These are the key concepts you need to understand to accurately answer the question.

Gravitational Acceleration

Gravitational acceleration is a fundamental concept that explains how gravity pulls objects toward the center of a planet. Near the surface of a planet, this uniform acceleration can be depicted with a constant, often represented as "c." This constant varies depending on the mass of the planet and determines how fast an object will accelerate when dropped.

• On Earth, this gravitational acceleration is approximately 32 feet per second squared, but often divided by 2 for simplicity, yielding "c = 16" when using the formula for distance fallen over time.
• Mars, with a smaller mass compared to Earth, has a lower gravitational acceleration constant of "c = 6.4," making objects fall more slowly there.

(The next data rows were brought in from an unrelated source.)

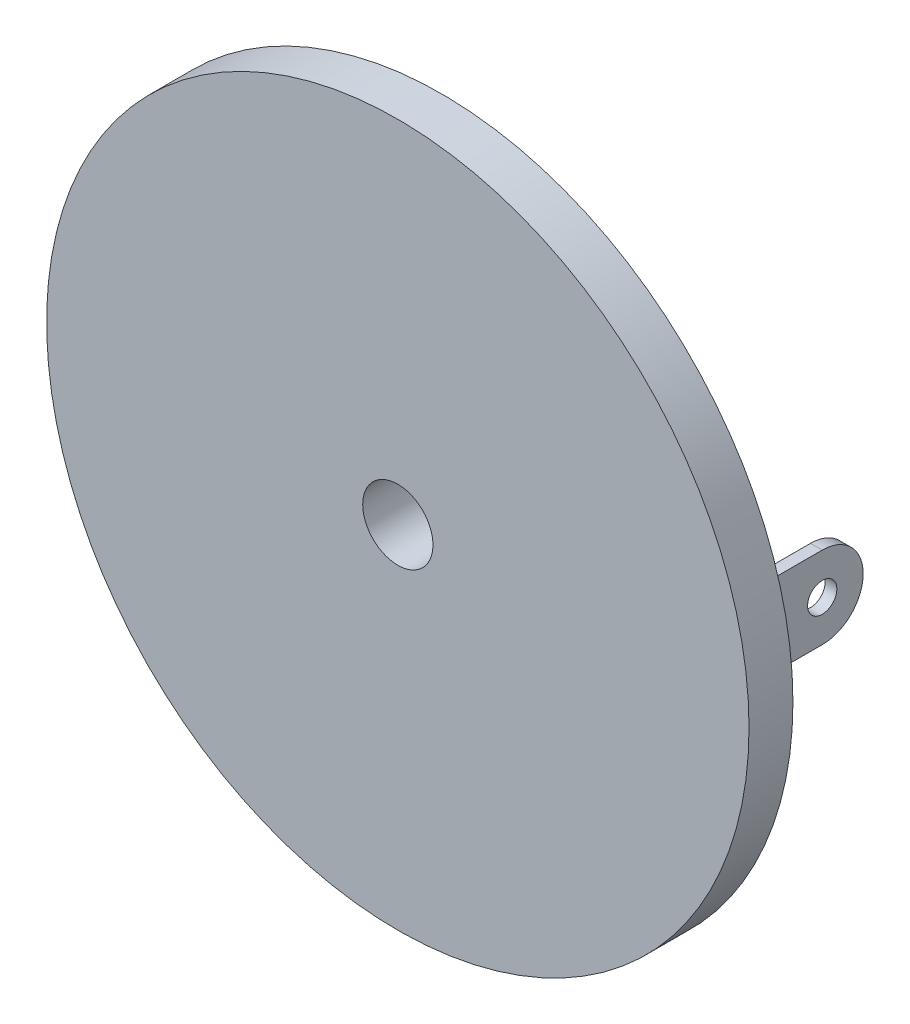
ISO-10303-21;
HEADER;
FILE_DESCRIPTION(('STEP AP214'),'2;1');
FILE_NAME('part.step','',(''),(''),'','','');
FILE_SCHEMA(('AUTOMOTIVE_DESIGN { 1 0 10303 214 1 1 1 1 }'));
ENDSEC;
DATA;
#1=APPLICATION_CONTEXT('core data for automotive mechanical design processes');
#2=APPLICATION_PROTOCOL_DEFINITION('international standard','automotive_design',2000,#1);
#3=PRODUCT_CONTEXT('',#1,'mechanical');
#4=PRODUCT('Part','Part','',(#3));
#5=PRODUCT_RELATED_PRODUCT_CATEGORY('part','',(#4));
#6=PRODUCT_DEFINITION_FORMATION('','',#4);
#7=PRODUCT_DEFINITION_CONTEXT('part definition',#1,'design');
#8=PRODUCT_DEFINITION('design','',#6,#7);
#9=PRODUCT_DEFINITION_SHAPE('','',#8);
#10=(LENGTH_UNIT() NAMED_UNIT(*) SI_UNIT(.MILLI.,.METRE.));
#11=(NAMED_UNIT(*) PLANE_ANGLE_UNIT() SI_UNIT($,.RADIAN.));
#12=(NAMED_UNIT(*) SI_UNIT($,.STERADIAN.) SOLID_ANGLE_UNIT());
#13=UNCERTAINTY_MEASURE_WITH_UNIT(LENGTH_MEASURE(1.E-05),#10,'distance_accuracy_value','');
#14=(GEOMETRIC_REPRESENTATION_CONTEXT(3) GLOBAL_UNCERTAINTY_ASSIGNED_CONTEXT((#13)) GLOBAL_UNIT_ASSIGNED_CONTEXT((#10,
#11,#12)) REPRESENTATION_CONTEXT('',''));
#15=CARTESIAN_POINT('',(0.,0.,0.));
#16=DIRECTION('',(0.,0.,1.));
#17=DIRECTION('',(1.,0.,0.));
#18=AXIS2_PLACEMENT_3D('',#15,#16,#17);
#19=CARTESIAN_POINT('',(0.,0.,0.));
#20=DIRECTION('',(0.,0.,1.));
#21=DIRECTION('',(1.,0.,0.));
#22=AXIS2_PLACEMENT_3D('',#19,#20,#21);
#23=PLANE('',#22);
#24=DIRECTION('',(0.,1.,0.));
#25=VECTOR('',#24,1.);
#26=CARTESIAN_POINT('',(-9.4,1.4,0.));
#27=LINE('',#26,#25);
#28=CARTESIAN_POINT('',(-9.4,-1.4,0.));
#29=VERTEX_POINT('',#28);
#30=CARTESIAN_POINT('',(-9.4,1.4,0.));
#31=VERTEX_POINT('',#30);
#32=EDGE_CURVE('E218',#29,#31,#27,.T.);
#33=ORIENTED_EDGE('',*,*,#32,.F.);
#34=DIRECTION('',(-1.,0.,0.));
#35=VECTOR('',#34,1.);
#36=CARTESIAN_POINT('',(-9.4,-1.4,0.));
#37=LINE('',#36,#35);
#38=CARTESIAN_POINT('',(-9.,-1.4,0.));
#39=VERTEX_POINT('',#38);
#40=EDGE_CURVE('E227',#39,#29,#37,.T.);
#41=ORIENTED_EDGE('',*,*,#40,.F.);
#42=DIRECTION('',(0.,-1.,0.));
#43=VECTOR('',#42,1.);
#44=CARTESIAN_POINT('',(-9.,1.4,0.));
#45=LINE('',#44,#43);
#46=CARTESIAN_POINT('',(-9.,1.4,0.));
#47=VERTEX_POINT('',#46);
#48=EDGE_CURVE('E224',#47,#39,#45,.T.);
#49=ORIENTED_EDGE('',*,*,#48,.F.);
#50=DIRECTION('',(1.,0.,0.));
#51=VECTOR('',#50,1.);
#52=CARTESIAN_POINT('',(-9.4,1.4,0.));
#53=LINE('',#52,#51);
#54=EDGE_CURVE('E221',#31,#47,#53,.T.);
#55=ORIENTED_EDGE('',*,*,#54,.F.);
#56=EDGE_LOOP('',(#33,#41,#49,#55));
#57=FACE_BOUND('',#56,.T.);
#58=CARTESIAN_POINT('',(0.,0.,0.));
#59=DIRECTION('',(0.,0.,1.));
#60=DIRECTION('',(1.,0.,0.));
#61=AXIS2_PLACEMENT_3D('',#58,#59,#60);
#62=CIRCLE('',#61,12.);
#63=CARTESIAN_POINT('',(12.,0.,0.));
#64=VERTEX_POINT('',#63);
#65=EDGE_CURVE('E119',#64,#64,#62,.T.);
#66=ORIENTED_EDGE('',*,*,#65,.F.);
#67=EDGE_LOOP('',(#66));
#68=FACE_BOUND('',#67,.T.);
#69=DIRECTION('',(0.,-1.,0.));
#70=VECTOR('',#69,1.);
#71=CARTESIAN_POINT('',(9.4,1.4,0.));
#72=LINE('',#71,#70);
#73=CARTESIAN_POINT('',(9.4,1.4,0.));
#74=VERTEX_POINT('',#73);
#75=CARTESIAN_POINT('',(9.4,-1.4,0.));
#76=VERTEX_POINT('',#75);
#77=EDGE_CURVE('E118',#74,#76,#72,.T.);
#78=ORIENTED_EDGE('',*,*,#77,.F.);
#79=DIRECTION('',(1.,0.,0.));
#80=VECTOR('',#79,1.);
#81=CARTESIAN_POINT('',(9.4,1.4,0.));
#82=LINE('',#81,#80);
#83=CARTESIAN_POINT('',(9.,1.4,0.));
#84=VERTEX_POINT('',#83);
#85=EDGE_CURVE('E244',#84,#74,#82,.T.);
#86=ORIENTED_EDGE('',*,*,#85,.F.);
#87=DIRECTION('',(0.,1.,0.));
#88=VECTOR('',#87,1.);
#89=CARTESIAN_POINT('',(9.,1.4,0.));
#90=LINE('',#89,#88);
#91=CARTESIAN_POINT('',(9.,-1.4,0.));
#92=VERTEX_POINT('',#91);
#93=EDGE_CURVE('E241',#92,#84,#90,.T.);
#94=ORIENTED_EDGE('',*,*,#93,.F.);
#95=DIRECTION('',(-1.,0.,0.));
#96=VECTOR('',#95,1.);
#97=CARTESIAN_POINT('',(9.4,-1.4,0.));
#98=LINE('',#97,#96);
#99=EDGE_CURVE('E239',#76,#92,#98,.T.);
#100=ORIENTED_EDGE('',*,*,#99,.F.);
#101=EDGE_LOOP('',(#78,#86,#94,#100));
#102=FACE_BOUND('',#101,.T.);
#103=CARTESIAN_POINT('',(0.,0.,0.));
#104=DIRECTION('',(0.,0.,1.));
#105=DIRECTION('',(1.,0.,0.));
#106=AXIS2_PLACEMENT_3D('',#103,#104,#105);
#107=CIRCLE('',#106,4.2);
#108=CARTESIAN_POINT('',(4.2,0.,0.));
#109=VERTEX_POINT('',#108);
#110=EDGE_CURVE('E11',#109,#109,#107,.F.);
#111=ORIENTED_EDGE('',*,*,#110,.F.);
#112=EDGE_LOOP('',(#111));
#113=FACE_BOUND('',#112,.T.);
#114=ADVANCED_FACE('F32',(#57,#68,#102,#113),#23,.F.);
#115=CARTESIAN_POINT('',(0.,0.,1.5));
#116=DIRECTION('',(0.,0.,-1.));
#117=DIRECTION('',(-1.,0.,0.));
#118=AXIS2_PLACEMENT_3D('',#115,#116,#117);
#119=CYLINDRICAL_SURFACE('',#118,12.);
#120=CARTESIAN_POINT('',(0.,0.,1.5));
#121=DIRECTION('',(0.,0.,1.));
#122=DIRECTION('',(1.,0.,0.));
#123=AXIS2_PLACEMENT_3D('',#120,#121,#122);
#124=CIRCLE('',#123,12.);
#125=CARTESIAN_POINT('',(12.,0.,1.5));
#126=VERTEX_POINT('',#125);
#127=EDGE_CURVE('E41',#126,#126,#124,.T.);
#128=ORIENTED_EDGE('',*,*,#127,.F.);
#129=EDGE_LOOP('',(#128));
#130=FACE_BOUND('',#129,.T.);
#131=ORIENTED_EDGE('',*,*,#65,.T.);
#132=EDGE_LOOP('',(#131));
#133=FACE_BOUND('',#132,.T.);
#134=ADVANCED_FACE('F34',(#130,#133),#119,.T.);
#135=CARTESIAN_POINT('',(0.,0.,1.5));
#136=DIRECTION('',(0.,0.,1.));
#137=DIRECTION('',(1.,0.,0.));
#138=AXIS2_PLACEMENT_3D('',#135,#136,#137);
#139=PLANE('',#138);
#140=CARTESIAN_POINT('',(0.,0.,1.5));
#141=DIRECTION('',(0.,0.,-1.));
#142=DIRECTION('',(-1.,0.,0.));
#143=AXIS2_PLACEMENT_3D('',#140,#141,#142);
#144=CIRCLE('',#143,1.2);
#145=CARTESIAN_POINT('',(-1.2,0.,1.5));
#146=VERTEX_POINT('',#145);
#147=EDGE_CURVE('E104',#146,#146,#144,.T.);
#148=ORIENTED_EDGE('',*,*,#147,.T.);
#149=EDGE_LOOP('',(#148));
#150=FACE_BOUND('',#149,.T.);
#151=ORIENTED_EDGE('',*,*,#127,.T.);
#152=EDGE_LOOP('',(#151));
#153=FACE_BOUND('',#152,.T.);
#154=ADVANCED_FACE('F130',(#150,#153),#139,.T.);
#155=CARTESIAN_POINT('',(9.4,1.4,-5.));
#156=DIRECTION('',(-1.,0.,0.));
#157=DIRECTION('',(0.,0.,1.));
#158=AXIS2_PLACEMENT_3D('',#155,#156,#157);
#159=PLANE('',#158);
#160=CARTESIAN_POINT('',(9.4,0.,-3.6));
#161=DIRECTION('',(1.,0.,0.));
#162=DIRECTION('',(0.,0.,-1.));
#163=AXIS2_PLACEMENT_3D('',#160,#161,#162);
#164=CIRCLE('',#163,0.500000000000001);
#165=CARTESIAN_POINT('',(9.4,0.,-4.1));
#166=VERTEX_POINT('',#165);
#167=EDGE_CURVE('E206',#166,#166,#164,.T.);
#168=ORIENTED_EDGE('',*,*,#167,.F.);
#169=EDGE_LOOP('',(#168));
#170=FACE_BOUND('',#169,.T.);
#171=DIRECTION('',(0.,0.,1.));
#172=VECTOR('',#171,1.);
#173=CARTESIAN_POINT('',(9.4,-1.4,-5.));
#174=LINE('',#173,#172);
#175=CARTESIAN_POINT('',(9.4,-1.4,-3.6));
#176=VERTEX_POINT('',#175);
#177=EDGE_CURVE('E110',#176,#76,#174,.T.);
#178=ORIENTED_EDGE('',*,*,#177,.F.);
#179=CARTESIAN_POINT('',(9.4,0.,-3.6));
#180=DIRECTION('',(-1.,0.,0.));
#181=DIRECTION('',(0.,0.,-1.));
#182=AXIS2_PLACEMENT_3D('',#179,#180,#181);
#183=CIRCLE('',#182,1.4);
#184=CARTESIAN_POINT('',(9.4,1.4,-3.6));
#185=VERTEX_POINT('',#184);
#186=EDGE_CURVE('E96',#185,#176,#183,.T.);
#187=ORIENTED_EDGE('',*,*,#186,.F.);
#188=DIRECTION('',(0.,0.,1.));
#189=VECTOR('',#188,1.);
#190=CARTESIAN_POINT('',(9.4,1.4,-5.));
#191=LINE('',#190,#189);
#192=EDGE_CURVE('E246',#185,#74,#191,.T.);
#193=ORIENTED_EDGE('',*,*,#192,.T.);
#194=ORIENTED_EDGE('',*,*,#77,.T.);
#195=EDGE_LOOP('',(#178,#187,#193,#194));
#196=FACE_BOUND('',#195,.T.);
#197=ADVANCED_FACE('F116',(#170,#196),#159,.F.);
#198=CARTESIAN_POINT('',(9.4,-1.4,-5.));
#199=DIRECTION('',(0.,1.,0.));
#200=DIRECTION('',(0.,0.,1.));
#201=AXIS2_PLACEMENT_3D('',#198,#199,#200);
#202=PLANE('',#201);
#203=DIRECTION('',(0.,0.,1.));
#204=VECTOR('',#203,1.);
#205=CARTESIAN_POINT('',(9.,-1.4,-5.));
#206=LINE('',#205,#204);
#207=CARTESIAN_POINT('',(9.,-1.4,-3.6));
#208=VERTEX_POINT('',#207);
#209=EDGE_CURVE('E112',#208,#92,#206,.T.);
#210=ORIENTED_EDGE('',*,*,#209,.F.);
#211=DIRECTION('',(1.,0.,0.));
#212=VECTOR('',#211,1.);
#213=CARTESIAN_POINT('',(-12.,-1.4,-3.6));
#214=LINE('',#213,#212);
#215=EDGE_CURVE('E99',#208,#176,#214,.T.);
#216=ORIENTED_EDGE('',*,*,#215,.T.);
#217=ORIENTED_EDGE('',*,*,#177,.T.);
#218=ORIENTED_EDGE('',*,*,#99,.T.);
#219=EDGE_LOOP('',(#210,#216,#217,#218));
#220=FACE_BOUND('',#219,.T.);
#221=ADVANCED_FACE('F108',(#220),#202,.F.);
#222=CARTESIAN_POINT('',(9.,1.4,-5.));
#223=DIRECTION('',(1.,0.,0.));
#224=DIRECTION('',(0.,0.,-1.));
#225=AXIS2_PLACEMENT_3D('',#222,#223,#224);
#226=PLANE('',#225);
#227=CARTESIAN_POINT('',(9.,0.,-3.6));
#228=DIRECTION('',(1.,0.,0.));
#229=DIRECTION('',(0.,0.,-1.));
#230=AXIS2_PLACEMENT_3D('',#227,#228,#229);
#231=CIRCLE('',#230,0.500000000000001);
#232=CARTESIAN_POINT('',(9.,0.,-4.1));
#233=VERTEX_POINT('',#232);
#234=EDGE_CURVE('E212',#233,#233,#231,.T.);
#235=ORIENTED_EDGE('',*,*,#234,.T.);
#236=EDGE_LOOP('',(#235));
#237=FACE_BOUND('',#236,.T.);
#238=DIRECTION('',(0.,0.,1.));
#239=VECTOR('',#238,1.);
#240=CARTESIAN_POINT('',(9.,1.4,-5.));
#241=LINE('',#240,#239);
#242=CARTESIAN_POINT('',(9.,1.4,-3.6));
#243=VERTEX_POINT('',#242);
#244=EDGE_CURVE('E123',#243,#84,#241,.T.);
#245=ORIENTED_EDGE('',*,*,#244,.F.);
#246=CARTESIAN_POINT('',(9.,0.,-3.6));
#247=DIRECTION('',(1.,0.,0.));
#248=DIRECTION('',(0.,0.,-1.));
#249=AXIS2_PLACEMENT_3D('',#246,#247,#248);
#250=CIRCLE('',#249,1.4);
#251=EDGE_CURVE('E48',#243,#208,#250,.F.);
#252=ORIENTED_EDGE('',*,*,#251,.T.);
#253=ORIENTED_EDGE('',*,*,#209,.T.);
#254=ORIENTED_EDGE('',*,*,#93,.T.);
#255=EDGE_LOOP('',(#245,#252,#253,#254));
#256=FACE_BOUND('',#255,.T.);
#257=ADVANCED_FACE('F178',(#237,#256),#226,.F.);
#258=CARTESIAN_POINT('',(9.4,1.4,-5.));
#259=DIRECTION('',(0.,-1.,0.));
#260=DIRECTION('',(0.,0.,-1.));
#261=AXIS2_PLACEMENT_3D('',#258,#259,#260);
#262=PLANE('',#261);
#263=ORIENTED_EDGE('',*,*,#192,.F.);
#264=DIRECTION('',(1.,0.,0.));
#265=VECTOR('',#264,1.);
#266=CARTESIAN_POINT('',(-12.,1.4,-3.6));
#267=LINE('',#266,#265);
#268=EDGE_CURVE('E100',#243,#185,#267,.T.);
#269=ORIENTED_EDGE('',*,*,#268,.F.);
#270=ORIENTED_EDGE('',*,*,#244,.T.);
#271=ORIENTED_EDGE('',*,*,#85,.T.);
#272=EDGE_LOOP('',(#263,#269,#270,#271));
#273=FACE_BOUND('',#272,.T.);
#274=ADVANCED_FACE('F174',(#273),#262,.F.);
#275=CARTESIAN_POINT('',(-9.4,1.4,-5.));
#276=DIRECTION('',(1.,0.,0.));
#277=DIRECTION('',(0.,0.,-1.));
#278=AXIS2_PLACEMENT_3D('',#275,#276,#277);
#279=PLANE('',#278);
#280=CARTESIAN_POINT('',(-9.4,0.,-3.6));
#281=DIRECTION('',(1.,0.,0.));
#282=DIRECTION('',(0.,0.,-1.));
#283=AXIS2_PLACEMENT_3D('',#280,#281,#282);
#284=CIRCLE('',#283,0.500000000000001);
#285=CARTESIAN_POINT('',(-9.4,0.,-4.1));
#286=VERTEX_POINT('',#285);
#287=EDGE_CURVE('E209',#286,#286,#284,.T.);
#288=ORIENTED_EDGE('',*,*,#287,.T.);
#289=EDGE_LOOP('',(#288));
#290=FACE_BOUND('',#289,.T.);
#291=DIRECTION('',(0.,0.,1.));
#292=VECTOR('',#291,1.);
#293=CARTESIAN_POINT('',(-9.4,1.4,-5.));
#294=LINE('',#293,#292);
#295=CARTESIAN_POINT('',(-9.4,1.4,-3.6));
#296=VERTEX_POINT('',#295);
#297=EDGE_CURVE('E236',#296,#31,#294,.T.);
#298=ORIENTED_EDGE('',*,*,#297,.F.);
#299=CARTESIAN_POINT('',(-9.4,0.,-3.6));
#300=DIRECTION('',(1.,0.,0.));
#301=DIRECTION('',(0.,0.,-1.));
#302=AXIS2_PLACEMENT_3D('',#299,#300,#301);
#303=CIRCLE('',#302,1.4);
#304=CARTESIAN_POINT('',(-9.4,-1.4,-3.6));
#305=VERTEX_POINT('',#304);
#306=EDGE_CURVE('E202',#296,#305,#303,.F.);
#307=ORIENTED_EDGE('',*,*,#306,.T.);
#308=DIRECTION('',(0.,0.,1.));
#309=VECTOR('',#308,1.);
#310=CARTESIAN_POINT('',(-9.4,-1.4,-5.));
#311=LINE('',#310,#309);
#312=EDGE_CURVE('E230',#305,#29,#311,.T.);
#313=ORIENTED_EDGE('',*,*,#312,.T.);
#314=ORIENTED_EDGE('',*,*,#32,.T.);
#315=EDGE_LOOP('',(#298,#307,#313,#314));
#316=FACE_BOUND('',#315,.T.);
#317=ADVANCED_FACE('F170',(#290,#316),#279,.F.);
#318=CARTESIAN_POINT('',(-9.4,1.4,-5.));
#319=DIRECTION('',(0.,-1.,0.));
#320=DIRECTION('',(0.,0.,-1.));
#321=AXIS2_PLACEMENT_3D('',#318,#319,#320);
#322=PLANE('',#321);
#323=DIRECTION('',(0.,0.,1.));
#324=VECTOR('',#323,1.);
#325=CARTESIAN_POINT('',(-9.,1.4,-5.));
#326=LINE('',#325,#324);
#327=CARTESIAN_POINT('',(-9.,1.4,-3.6));
#328=VERTEX_POINT('',#327);
#329=EDGE_CURVE('E234',#328,#47,#326,.T.);
#330=ORIENTED_EDGE('',*,*,#329,.F.);
#331=EDGE_CURVE('E199',#296,#328,#267,.T.);
#332=ORIENTED_EDGE('',*,*,#331,.F.);
#333=ORIENTED_EDGE('',*,*,#297,.T.);
#334=ORIENTED_EDGE('',*,*,#54,.T.);
#335=EDGE_LOOP('',(#330,#332,#333,#334));
#336=FACE_BOUND('',#335,.T.);
#337=ADVANCED_FACE('F166',(#336),#322,.F.);
#338=CARTESIAN_POINT('',(-9.,1.4,-5.));
#339=DIRECTION('',(-1.,0.,0.));
#340=DIRECTION('',(0.,0.,1.));
#341=AXIS2_PLACEMENT_3D('',#338,#339,#340);
#342=PLANE('',#341);
#343=CARTESIAN_POINT('',(-9.,0.,-3.6));
#344=DIRECTION('',(-1.,0.,0.));
#345=DIRECTION('',(0.,0.,1.));
#346=AXIS2_PLACEMENT_3D('',#343,#344,#345);
#347=CIRCLE('',#346,0.500000000000001);
#348=CARTESIAN_POINT('',(-9.,0.,-3.1));
#349=VERTEX_POINT('',#348);
#350=EDGE_CURVE('E36',#349,#349,#347,.T.);
#351=ORIENTED_EDGE('',*,*,#350,.T.);
#352=EDGE_LOOP('',(#351));
#353=FACE_BOUND('',#352,.T.);
#354=DIRECTION('',(0.,0.,1.));
#355=VECTOR('',#354,1.);
#356=CARTESIAN_POINT('',(-9.,-1.4,-5.));
#357=LINE('',#356,#355);
#358=CARTESIAN_POINT('',(-9.,-1.4,-3.6));
#359=VERTEX_POINT('',#358);
#360=EDGE_CURVE('E232',#359,#39,#357,.T.);
#361=ORIENTED_EDGE('',*,*,#360,.F.);
#362=CARTESIAN_POINT('',(-9.,0.,-3.6));
#363=DIRECTION('',(-1.,0.,0.));
#364=DIRECTION('',(0.,0.,1.));
#365=AXIS2_PLACEMENT_3D('',#362,#363,#364);
#366=CIRCLE('',#365,1.4);
#367=EDGE_CURVE('E56',#359,#328,#366,.F.);
#368=ORIENTED_EDGE('',*,*,#367,.T.);
#369=ORIENTED_EDGE('',*,*,#329,.T.);
#370=ORIENTED_EDGE('',*,*,#48,.T.);
#371=EDGE_LOOP('',(#361,#368,#369,#370));
#372=FACE_BOUND('',#371,.T.);
#373=ADVANCED_FACE('F158',(#353,#372),#342,.F.);
#374=CARTESIAN_POINT('',(-9.4,-1.4,-5.));
#375=DIRECTION('',(0.,1.,0.));
#376=DIRECTION('',(0.,0.,1.));
#377=AXIS2_PLACEMENT_3D('',#374,#375,#376);
#378=PLANE('',#377);
#379=ORIENTED_EDGE('',*,*,#312,.F.);
#380=EDGE_CURVE('E113',#305,#359,#214,.T.);
#381=ORIENTED_EDGE('',*,*,#380,.T.);
#382=ORIENTED_EDGE('',*,*,#360,.T.);
#383=ORIENTED_EDGE('',*,*,#40,.T.);
#384=EDGE_LOOP('',(#379,#381,#382,#383));
#385=FACE_BOUND('',#384,.T.);
#386=ADVANCED_FACE('F148',(#385),#378,.F.);
#387=CARTESIAN_POINT('',(0.,0.,-2.));
#388=DIRECTION('',(0.,0.,1.));
#389=DIRECTION('',(1.,0.,0.));
#390=AXIS2_PLACEMENT_3D('',#387,#388,#389);
#391=CYLINDRICAL_SURFACE('',#390,4.2);
#392=CARTESIAN_POINT('',(0.,0.,-2.));
#393=DIRECTION('',(0.,0.,-1.));
#394=DIRECTION('',(-1.,0.,0.));
#395=AXIS2_PLACEMENT_3D('',#392,#393,#394);
#396=CIRCLE('',#395,4.2);
#397=CARTESIAN_POINT('',(-4.2,0.,-2.));
#398=VERTEX_POINT('',#397);
#399=EDGE_CURVE('E215',#398,#398,#396,.T.);
#400=ORIENTED_EDGE('',*,*,#399,.F.);
#401=EDGE_LOOP('',(#400));
#402=FACE_BOUND('',#401,.T.);
#403=ORIENTED_EDGE('',*,*,#110,.T.);
#404=EDGE_LOOP('',(#403));
#405=FACE_BOUND('',#404,.T.);
#406=ADVANCED_FACE('F145',(#402,#405),#391,.T.);
#407=CARTESIAN_POINT('',(0.,0.,-2.));
#408=DIRECTION('',(0.,0.,-1.));
#409=DIRECTION('',(-1.,0.,0.));
#410=AXIS2_PLACEMENT_3D('',#407,#408,#409);
#411=PLANE('',#410);
#412=CARTESIAN_POINT('',(0.,0.,-2.));
#413=DIRECTION('',(0.,0.,-1.));
#414=DIRECTION('',(-1.,0.,0.));
#415=AXIS2_PLACEMENT_3D('',#412,#413,#414);
#416=CIRCLE('',#415,1.2);
#417=CARTESIAN_POINT('',(-1.2,0.,-2.));
#418=VERTEX_POINT('',#417);
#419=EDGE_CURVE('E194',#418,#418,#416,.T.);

Understanding these constants helps us predict how different planetary masses affect the acceleration of falling objects.

Motion Equations

Motion equations are used to analyze and predict the movement of objects under various forces, including gravity. These equations simplify the understanding of how objects travel over time and the effect of gravitational acceleration. One key motion equation in relation to falling objects near a planet's surface is:

• Distance fallen, given by the formula \( D = ct^2 \), where \( D \) is the distance, \( c \) is the gravitational acceleration constant, and \( t \) is time.

This quadratic relationship shows that the distance an object falls is proportional to the square of the time it has been falling.
This equation helps students to comprehend the dynamics of motion by evaluating how the distance changes over time and by calculating the effects of different gravitational forces from varied planetary masses.

Planetary Motion

Planetary motion refers to the way planets and objects on or near them move, influenced by gravitational forces. This concept is not just about how planets orbit the sun, but also how gravity affects objects near the surfaces of these celestial bodies.

• Newton's law of gravitation is foundational here, indicating that every mass attracts every other mass with a force that is proportional to the product of their masses and inversely proportional to the square of the distance between them.
• This principle affects both large-scale body movements like planets and smaller-scale ones such as a rock falling on a planet's surface.

Understanding planetary motion within these contexts allows us to predict and analyze behaviors of objects in different gravitational scenarios, helping scientists in fields like astrophysics and space exploration.

Falling Object Dynamics

Falling object dynamics explores how and why objects fall, particularly focusing on the factors that influence the speed and distance of a fall. These dynamics are determined largely by the gravitational force exerted by the body the object is falling towards.

• For example, on planets with greater mass, like Earth, falling objects are subjected to greater gravitational force, thus accelerating faster compared to those that fall on Mars or Venus.
• The factors affecting these dynamics include the initial height from which an object is dropped, the gravitational constant "c" specific to the planet, and external factors like air resistance, although the latter is often ignored in basic calculations.

Exploring how these variables interact offers insights into not only fundamental physics but also practical applications like space travel and landing strategies on other planets.